WHAT YOU NEED TO DO
Filter the data below, keeping only lines that contain "Locations".

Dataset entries
----------------------------------------

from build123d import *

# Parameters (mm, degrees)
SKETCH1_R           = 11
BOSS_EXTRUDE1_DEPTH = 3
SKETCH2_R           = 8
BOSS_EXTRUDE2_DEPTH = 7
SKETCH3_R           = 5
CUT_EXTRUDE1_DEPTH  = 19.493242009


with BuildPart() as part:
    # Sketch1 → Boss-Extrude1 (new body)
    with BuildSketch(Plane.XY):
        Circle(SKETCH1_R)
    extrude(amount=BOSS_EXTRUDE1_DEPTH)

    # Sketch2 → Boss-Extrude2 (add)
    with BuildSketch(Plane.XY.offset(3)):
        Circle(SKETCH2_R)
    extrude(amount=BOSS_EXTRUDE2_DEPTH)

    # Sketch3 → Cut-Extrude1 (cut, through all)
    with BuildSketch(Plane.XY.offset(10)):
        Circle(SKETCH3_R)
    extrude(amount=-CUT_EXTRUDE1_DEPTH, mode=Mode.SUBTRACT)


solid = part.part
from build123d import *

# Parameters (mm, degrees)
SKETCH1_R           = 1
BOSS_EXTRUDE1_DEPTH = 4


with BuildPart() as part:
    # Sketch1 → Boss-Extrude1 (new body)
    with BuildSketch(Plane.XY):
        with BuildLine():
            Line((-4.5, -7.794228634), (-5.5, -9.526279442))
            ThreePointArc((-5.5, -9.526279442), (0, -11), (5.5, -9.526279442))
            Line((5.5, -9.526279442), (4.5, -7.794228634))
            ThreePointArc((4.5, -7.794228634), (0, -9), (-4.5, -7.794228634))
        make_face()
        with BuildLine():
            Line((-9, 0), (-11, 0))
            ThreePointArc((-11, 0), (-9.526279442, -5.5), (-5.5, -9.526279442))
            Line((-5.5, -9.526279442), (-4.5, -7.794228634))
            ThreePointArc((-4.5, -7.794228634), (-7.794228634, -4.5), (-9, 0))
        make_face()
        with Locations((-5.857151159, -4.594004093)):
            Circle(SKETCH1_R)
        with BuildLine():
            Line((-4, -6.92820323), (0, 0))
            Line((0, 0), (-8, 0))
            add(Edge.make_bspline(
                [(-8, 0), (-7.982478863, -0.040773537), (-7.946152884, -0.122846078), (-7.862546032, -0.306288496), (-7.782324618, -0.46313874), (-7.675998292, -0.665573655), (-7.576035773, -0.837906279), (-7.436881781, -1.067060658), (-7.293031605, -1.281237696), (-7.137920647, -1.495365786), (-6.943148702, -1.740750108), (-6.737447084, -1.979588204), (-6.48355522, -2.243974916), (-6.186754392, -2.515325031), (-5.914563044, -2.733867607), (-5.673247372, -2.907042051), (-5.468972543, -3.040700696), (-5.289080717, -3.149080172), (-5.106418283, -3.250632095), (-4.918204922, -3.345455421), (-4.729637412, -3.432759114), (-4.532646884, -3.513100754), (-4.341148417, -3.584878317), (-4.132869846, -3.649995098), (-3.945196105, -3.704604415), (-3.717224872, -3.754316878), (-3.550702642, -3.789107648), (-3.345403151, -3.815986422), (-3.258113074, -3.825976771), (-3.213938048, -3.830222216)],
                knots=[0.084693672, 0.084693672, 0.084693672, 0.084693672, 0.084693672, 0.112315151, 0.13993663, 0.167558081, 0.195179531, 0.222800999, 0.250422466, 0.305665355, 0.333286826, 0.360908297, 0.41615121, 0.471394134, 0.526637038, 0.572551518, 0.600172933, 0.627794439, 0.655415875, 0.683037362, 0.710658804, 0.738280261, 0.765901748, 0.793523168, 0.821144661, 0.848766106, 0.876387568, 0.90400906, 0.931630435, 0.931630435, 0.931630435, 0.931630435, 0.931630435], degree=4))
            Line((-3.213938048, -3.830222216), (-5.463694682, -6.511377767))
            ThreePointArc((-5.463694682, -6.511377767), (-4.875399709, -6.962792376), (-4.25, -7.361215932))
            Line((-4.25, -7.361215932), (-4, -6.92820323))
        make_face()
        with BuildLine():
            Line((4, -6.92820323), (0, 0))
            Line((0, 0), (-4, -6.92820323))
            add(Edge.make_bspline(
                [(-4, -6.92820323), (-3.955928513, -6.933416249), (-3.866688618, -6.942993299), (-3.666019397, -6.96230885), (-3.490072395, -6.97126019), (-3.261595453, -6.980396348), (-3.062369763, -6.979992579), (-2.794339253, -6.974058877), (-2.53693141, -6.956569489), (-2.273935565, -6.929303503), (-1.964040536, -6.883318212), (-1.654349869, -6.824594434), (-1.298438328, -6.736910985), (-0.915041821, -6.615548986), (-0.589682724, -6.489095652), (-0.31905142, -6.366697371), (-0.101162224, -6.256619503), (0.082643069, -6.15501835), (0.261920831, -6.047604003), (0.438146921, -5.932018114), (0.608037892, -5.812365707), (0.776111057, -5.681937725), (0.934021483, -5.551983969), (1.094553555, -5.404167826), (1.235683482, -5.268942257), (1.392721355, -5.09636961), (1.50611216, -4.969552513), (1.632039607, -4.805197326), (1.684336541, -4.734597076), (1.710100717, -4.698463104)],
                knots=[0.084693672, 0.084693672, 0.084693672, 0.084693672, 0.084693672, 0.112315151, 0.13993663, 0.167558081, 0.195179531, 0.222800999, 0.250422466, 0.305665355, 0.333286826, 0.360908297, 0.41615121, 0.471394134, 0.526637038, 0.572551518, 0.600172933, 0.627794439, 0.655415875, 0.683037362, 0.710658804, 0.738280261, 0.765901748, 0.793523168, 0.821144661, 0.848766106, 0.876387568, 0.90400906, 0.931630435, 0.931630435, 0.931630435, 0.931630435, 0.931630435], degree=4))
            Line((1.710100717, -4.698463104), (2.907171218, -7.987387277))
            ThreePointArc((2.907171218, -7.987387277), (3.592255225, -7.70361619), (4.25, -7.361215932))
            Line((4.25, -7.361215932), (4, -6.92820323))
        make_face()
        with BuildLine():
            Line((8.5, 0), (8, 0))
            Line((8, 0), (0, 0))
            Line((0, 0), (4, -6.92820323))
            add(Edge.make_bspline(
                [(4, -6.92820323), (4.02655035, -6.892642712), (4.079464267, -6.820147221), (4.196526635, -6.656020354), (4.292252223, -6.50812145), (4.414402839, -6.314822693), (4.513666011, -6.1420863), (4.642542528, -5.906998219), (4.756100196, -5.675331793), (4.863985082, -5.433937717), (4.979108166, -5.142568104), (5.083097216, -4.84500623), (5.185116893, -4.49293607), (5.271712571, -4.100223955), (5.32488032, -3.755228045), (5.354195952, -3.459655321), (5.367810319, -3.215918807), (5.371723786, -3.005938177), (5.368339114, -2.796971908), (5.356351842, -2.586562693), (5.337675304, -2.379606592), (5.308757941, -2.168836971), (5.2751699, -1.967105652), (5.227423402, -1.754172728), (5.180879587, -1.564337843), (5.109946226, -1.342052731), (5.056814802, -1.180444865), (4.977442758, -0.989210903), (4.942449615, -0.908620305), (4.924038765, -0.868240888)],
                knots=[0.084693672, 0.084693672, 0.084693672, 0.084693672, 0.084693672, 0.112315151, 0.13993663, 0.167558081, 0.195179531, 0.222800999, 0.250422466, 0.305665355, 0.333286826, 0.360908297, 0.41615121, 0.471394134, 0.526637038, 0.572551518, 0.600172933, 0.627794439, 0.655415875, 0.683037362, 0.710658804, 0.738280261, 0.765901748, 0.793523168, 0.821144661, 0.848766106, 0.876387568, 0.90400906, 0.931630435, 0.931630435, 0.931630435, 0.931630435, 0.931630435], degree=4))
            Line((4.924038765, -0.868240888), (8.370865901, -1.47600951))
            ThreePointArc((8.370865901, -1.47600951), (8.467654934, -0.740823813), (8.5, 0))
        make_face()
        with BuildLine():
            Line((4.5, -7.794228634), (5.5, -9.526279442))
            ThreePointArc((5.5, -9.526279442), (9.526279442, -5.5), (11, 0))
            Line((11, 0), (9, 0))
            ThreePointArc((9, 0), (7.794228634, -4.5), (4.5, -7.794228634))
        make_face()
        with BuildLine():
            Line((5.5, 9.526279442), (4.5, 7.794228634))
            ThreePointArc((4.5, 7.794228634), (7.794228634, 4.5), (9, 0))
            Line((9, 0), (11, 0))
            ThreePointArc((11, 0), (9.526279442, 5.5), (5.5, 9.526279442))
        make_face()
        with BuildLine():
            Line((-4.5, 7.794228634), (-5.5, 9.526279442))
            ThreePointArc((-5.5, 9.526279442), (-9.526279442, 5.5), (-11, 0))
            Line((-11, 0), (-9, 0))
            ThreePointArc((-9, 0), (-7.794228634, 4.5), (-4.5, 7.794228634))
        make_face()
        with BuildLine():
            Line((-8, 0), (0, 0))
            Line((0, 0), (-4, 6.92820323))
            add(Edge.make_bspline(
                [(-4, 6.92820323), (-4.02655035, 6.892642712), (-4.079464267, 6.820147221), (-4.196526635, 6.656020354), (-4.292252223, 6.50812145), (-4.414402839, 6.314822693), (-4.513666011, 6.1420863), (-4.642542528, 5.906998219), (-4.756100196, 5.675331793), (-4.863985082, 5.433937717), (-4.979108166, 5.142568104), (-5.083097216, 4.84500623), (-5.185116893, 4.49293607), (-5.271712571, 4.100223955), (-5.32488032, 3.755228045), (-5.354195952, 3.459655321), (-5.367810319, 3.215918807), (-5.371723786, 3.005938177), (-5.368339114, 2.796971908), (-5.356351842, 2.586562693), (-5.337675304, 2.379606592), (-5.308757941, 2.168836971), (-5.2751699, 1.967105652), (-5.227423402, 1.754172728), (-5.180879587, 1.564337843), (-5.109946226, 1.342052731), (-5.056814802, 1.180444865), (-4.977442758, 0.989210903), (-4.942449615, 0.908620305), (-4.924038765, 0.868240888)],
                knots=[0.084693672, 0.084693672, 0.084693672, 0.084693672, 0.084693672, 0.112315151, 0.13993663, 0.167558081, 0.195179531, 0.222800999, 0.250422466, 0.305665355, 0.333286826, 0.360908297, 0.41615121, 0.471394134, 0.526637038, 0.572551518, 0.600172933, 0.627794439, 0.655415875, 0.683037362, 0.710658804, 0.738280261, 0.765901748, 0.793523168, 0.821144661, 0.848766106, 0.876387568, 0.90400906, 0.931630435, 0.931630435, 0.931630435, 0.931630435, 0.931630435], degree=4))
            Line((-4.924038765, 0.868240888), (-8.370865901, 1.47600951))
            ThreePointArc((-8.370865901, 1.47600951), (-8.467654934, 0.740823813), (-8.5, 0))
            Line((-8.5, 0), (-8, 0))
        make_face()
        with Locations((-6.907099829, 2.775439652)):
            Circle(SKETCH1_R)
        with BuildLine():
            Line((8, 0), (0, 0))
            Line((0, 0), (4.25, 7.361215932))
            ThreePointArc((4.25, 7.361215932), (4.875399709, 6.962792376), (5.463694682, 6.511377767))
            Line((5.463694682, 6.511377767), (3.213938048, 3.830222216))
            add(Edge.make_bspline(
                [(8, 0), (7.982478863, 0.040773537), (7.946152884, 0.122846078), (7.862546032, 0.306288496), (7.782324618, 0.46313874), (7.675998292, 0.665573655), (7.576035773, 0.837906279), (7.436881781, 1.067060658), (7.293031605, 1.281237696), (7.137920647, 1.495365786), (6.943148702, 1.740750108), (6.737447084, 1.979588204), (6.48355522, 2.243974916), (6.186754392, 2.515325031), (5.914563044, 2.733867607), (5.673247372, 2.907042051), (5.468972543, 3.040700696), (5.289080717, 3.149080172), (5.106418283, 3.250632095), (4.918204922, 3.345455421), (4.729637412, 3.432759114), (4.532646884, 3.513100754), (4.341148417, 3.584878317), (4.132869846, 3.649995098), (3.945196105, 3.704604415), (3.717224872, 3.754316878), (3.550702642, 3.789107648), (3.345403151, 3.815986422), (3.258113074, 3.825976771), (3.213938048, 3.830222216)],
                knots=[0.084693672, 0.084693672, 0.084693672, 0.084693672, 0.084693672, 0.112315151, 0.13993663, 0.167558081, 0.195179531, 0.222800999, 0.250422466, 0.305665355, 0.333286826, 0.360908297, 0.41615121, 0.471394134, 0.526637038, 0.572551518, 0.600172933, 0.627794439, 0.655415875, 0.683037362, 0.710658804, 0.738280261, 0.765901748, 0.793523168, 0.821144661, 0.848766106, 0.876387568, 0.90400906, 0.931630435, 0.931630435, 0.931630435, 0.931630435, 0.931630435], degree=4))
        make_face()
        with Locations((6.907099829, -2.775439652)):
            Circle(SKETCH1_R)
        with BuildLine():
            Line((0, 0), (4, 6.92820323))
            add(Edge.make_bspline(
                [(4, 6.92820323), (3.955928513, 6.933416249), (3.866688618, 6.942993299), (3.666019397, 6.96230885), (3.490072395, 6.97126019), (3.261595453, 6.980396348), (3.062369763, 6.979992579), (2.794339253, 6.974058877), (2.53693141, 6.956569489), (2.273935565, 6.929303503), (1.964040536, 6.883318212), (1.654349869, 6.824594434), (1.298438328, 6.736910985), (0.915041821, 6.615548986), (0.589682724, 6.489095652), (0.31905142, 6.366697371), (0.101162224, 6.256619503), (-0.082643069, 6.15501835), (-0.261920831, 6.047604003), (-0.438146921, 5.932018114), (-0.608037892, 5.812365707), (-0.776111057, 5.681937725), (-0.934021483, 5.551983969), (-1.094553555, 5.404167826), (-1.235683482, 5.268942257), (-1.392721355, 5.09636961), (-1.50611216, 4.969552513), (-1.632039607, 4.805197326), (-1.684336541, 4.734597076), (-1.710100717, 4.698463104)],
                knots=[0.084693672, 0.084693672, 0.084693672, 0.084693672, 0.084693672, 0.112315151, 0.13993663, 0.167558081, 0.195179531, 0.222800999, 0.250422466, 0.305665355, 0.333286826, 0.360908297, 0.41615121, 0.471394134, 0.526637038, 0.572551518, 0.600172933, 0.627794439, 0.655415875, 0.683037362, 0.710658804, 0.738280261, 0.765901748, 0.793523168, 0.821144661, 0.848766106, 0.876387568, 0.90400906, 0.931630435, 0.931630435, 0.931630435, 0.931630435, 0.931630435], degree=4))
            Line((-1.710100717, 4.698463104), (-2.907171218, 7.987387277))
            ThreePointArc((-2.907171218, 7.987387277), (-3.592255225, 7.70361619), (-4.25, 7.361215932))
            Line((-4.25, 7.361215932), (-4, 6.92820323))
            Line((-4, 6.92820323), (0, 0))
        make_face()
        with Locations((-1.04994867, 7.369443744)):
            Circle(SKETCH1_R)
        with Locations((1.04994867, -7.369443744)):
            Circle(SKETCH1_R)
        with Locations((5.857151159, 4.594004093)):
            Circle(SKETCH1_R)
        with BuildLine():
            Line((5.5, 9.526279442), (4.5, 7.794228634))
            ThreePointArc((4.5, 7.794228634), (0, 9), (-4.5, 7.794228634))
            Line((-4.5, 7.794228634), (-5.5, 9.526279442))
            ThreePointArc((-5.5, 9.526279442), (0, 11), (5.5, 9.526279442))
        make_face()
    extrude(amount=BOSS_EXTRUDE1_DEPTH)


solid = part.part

----------------------------------------

WRITTEN RESPONSE
        with Locations((-5.857151159, -4.594004093)):
        with Locations((-6.907099829, 2.775439652)):
        with Locations((6.907099829, -2.775439652)):
        with Locations((-1.04994867, 7.369443744)):
        with Locations((1.04994867, -7.369443744)):
        with Locations((5.857151159, 4.594004093)):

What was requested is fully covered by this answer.